### Items from a data source:
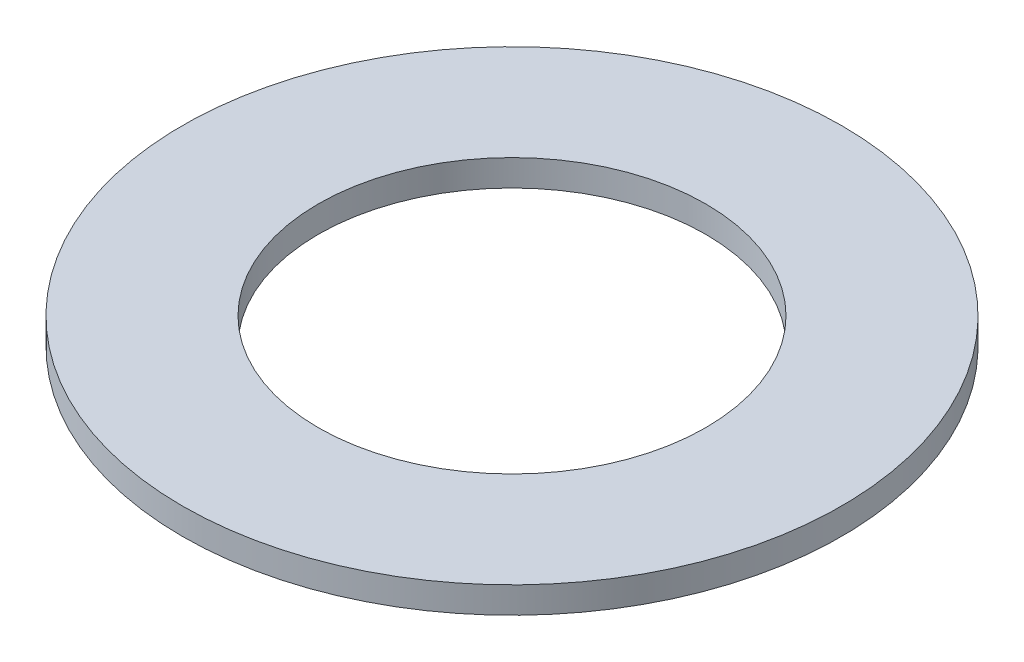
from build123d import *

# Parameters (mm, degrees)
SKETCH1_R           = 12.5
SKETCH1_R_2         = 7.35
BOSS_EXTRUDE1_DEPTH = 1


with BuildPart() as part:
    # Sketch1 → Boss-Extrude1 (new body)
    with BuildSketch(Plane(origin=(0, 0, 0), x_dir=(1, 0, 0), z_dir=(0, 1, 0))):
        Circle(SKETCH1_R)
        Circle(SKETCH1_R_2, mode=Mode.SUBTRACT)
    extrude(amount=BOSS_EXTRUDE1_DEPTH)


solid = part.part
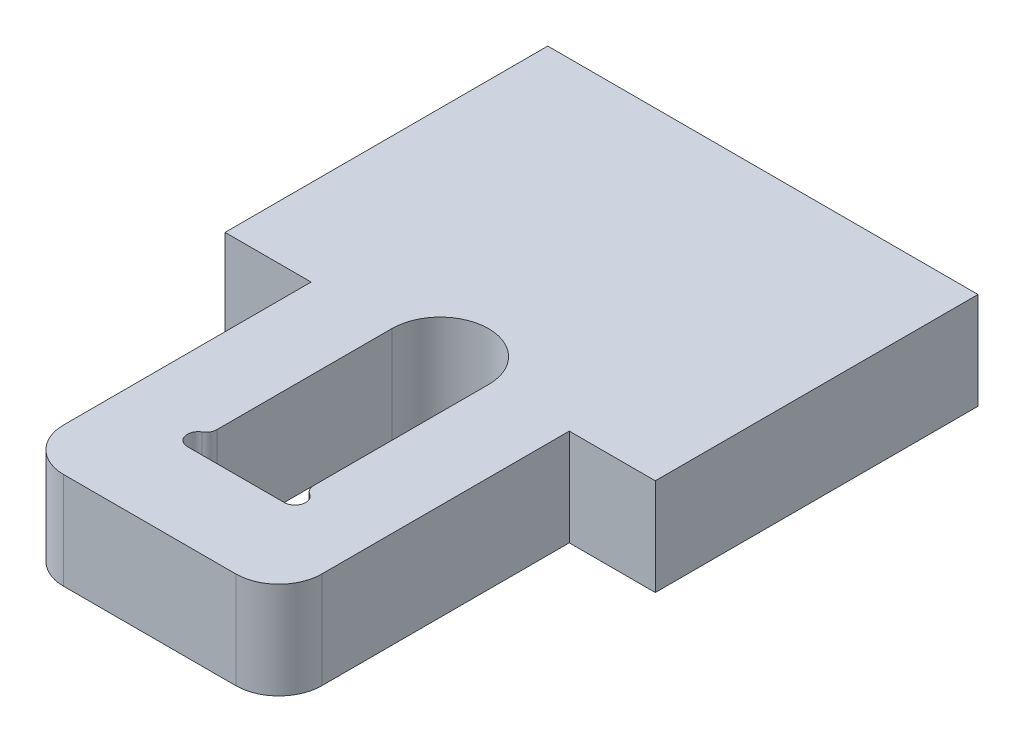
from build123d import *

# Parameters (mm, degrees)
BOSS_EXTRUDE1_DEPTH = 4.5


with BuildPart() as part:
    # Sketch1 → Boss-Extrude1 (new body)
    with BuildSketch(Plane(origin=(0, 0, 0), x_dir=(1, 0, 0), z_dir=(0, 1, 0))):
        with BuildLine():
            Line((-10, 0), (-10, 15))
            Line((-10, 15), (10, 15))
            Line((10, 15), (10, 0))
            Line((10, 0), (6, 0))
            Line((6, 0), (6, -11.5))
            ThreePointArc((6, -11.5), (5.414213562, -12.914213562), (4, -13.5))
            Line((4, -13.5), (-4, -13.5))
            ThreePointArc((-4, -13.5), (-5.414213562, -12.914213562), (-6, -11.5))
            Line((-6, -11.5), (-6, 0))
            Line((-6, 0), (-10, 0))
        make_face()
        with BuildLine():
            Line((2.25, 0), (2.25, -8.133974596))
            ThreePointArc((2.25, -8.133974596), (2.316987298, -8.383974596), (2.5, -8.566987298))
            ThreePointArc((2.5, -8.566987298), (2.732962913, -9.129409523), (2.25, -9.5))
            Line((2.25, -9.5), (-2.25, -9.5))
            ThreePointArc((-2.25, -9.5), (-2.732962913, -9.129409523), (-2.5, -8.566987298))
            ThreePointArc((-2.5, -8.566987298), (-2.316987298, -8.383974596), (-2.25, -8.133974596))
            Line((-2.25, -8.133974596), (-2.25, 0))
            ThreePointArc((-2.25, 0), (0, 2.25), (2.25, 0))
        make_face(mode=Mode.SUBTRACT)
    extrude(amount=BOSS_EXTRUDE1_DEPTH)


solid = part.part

### TRY IT:
Your response must restate every record above exactly, with each picture omitted.

### ANSWER AREA:
from build123d import *

# Parameters (mm, degrees)
SKETCH1_R           = 12.5
SKETCH1_R_2         = 7.35
BOSS_EXTRUDE1_DEPTH = 1


with BuildPart() as part:
    # Sketch1 → Boss-Extrude1 (new body)
    with BuildSketch(Plane(origin=(0, 0, 0), x_dir=(1, 0, 0), z_dir=(0, 1, 0))):
        Circle(SKETCH1_R)
        Circle(SKETCH1_R_2, mode=Mode.SUBTRACT)
    extrude(amount=BOSS_EXTRUDE1_DEPTH)


solid = part.part
from build123d import *

# Parameters (mm, degrees)
BOSS_EXTRUDE1_DEPTH = 4.5


with BuildPart() as part:
    # Sketch1 → Boss-Extrude1 (new body)
    with BuildSketch(Plane(origin=(0, 0, 0), x_dir=(1, 0, 0), z_dir=(0, 1, 0))):
        with BuildLine():
            Line((-10, 0), (-10, 15))
            Line((-10, 15), (10, 15))
            Line((10, 15), (10, 0))
            Line((10, 0), (6, 0))
            Line((6, 0), (6, -11.5))
            ThreePointArc((6, -11.5), (5.414213562, -12.914213562), (4, -13.5))
            Line((4, -13.5), (-4, -13.5))
            ThreePointArc((-4, -13.5), (-5.414213562, -12.914213562), (-6, -11.5))
            Line((-6, -11.5), (-6, 0))
            Line((-6, 0), (-10, 0))
        make_face()
        with BuildLine():
            Line((2.25, 0), (2.25, -8.133974596))
            ThreePointArc((2.25, -8.133974596), (2.316987298, -8.383974596), (2.5, -8.566987298))
            ThreePointArc((2.5, -8.566987298), (2.732962913, -9.129409523), (2.25, -9.5))
            Line((2.25, -9.5), (-2.25, -9.5))
            ThreePointArc((-2.25, -9.5), (-2.732962913, -9.129409523), (-2.5, -8.566987298))
            ThreePointArc((-2.5, -8.566987298), (-2.316987298, -8.383974596), (-2.25, -8.133974596))
            Line((-2.25, -8.133974596), (-2.25, 0))
            ThreePointArc((-2.25, 0), (0, 2.25), (2.25, 0))
        make_face(mode=Mode.SUBTRACT)
    extrude(amount=BOSS_EXTRUDE1_DEPTH)


solid = part.part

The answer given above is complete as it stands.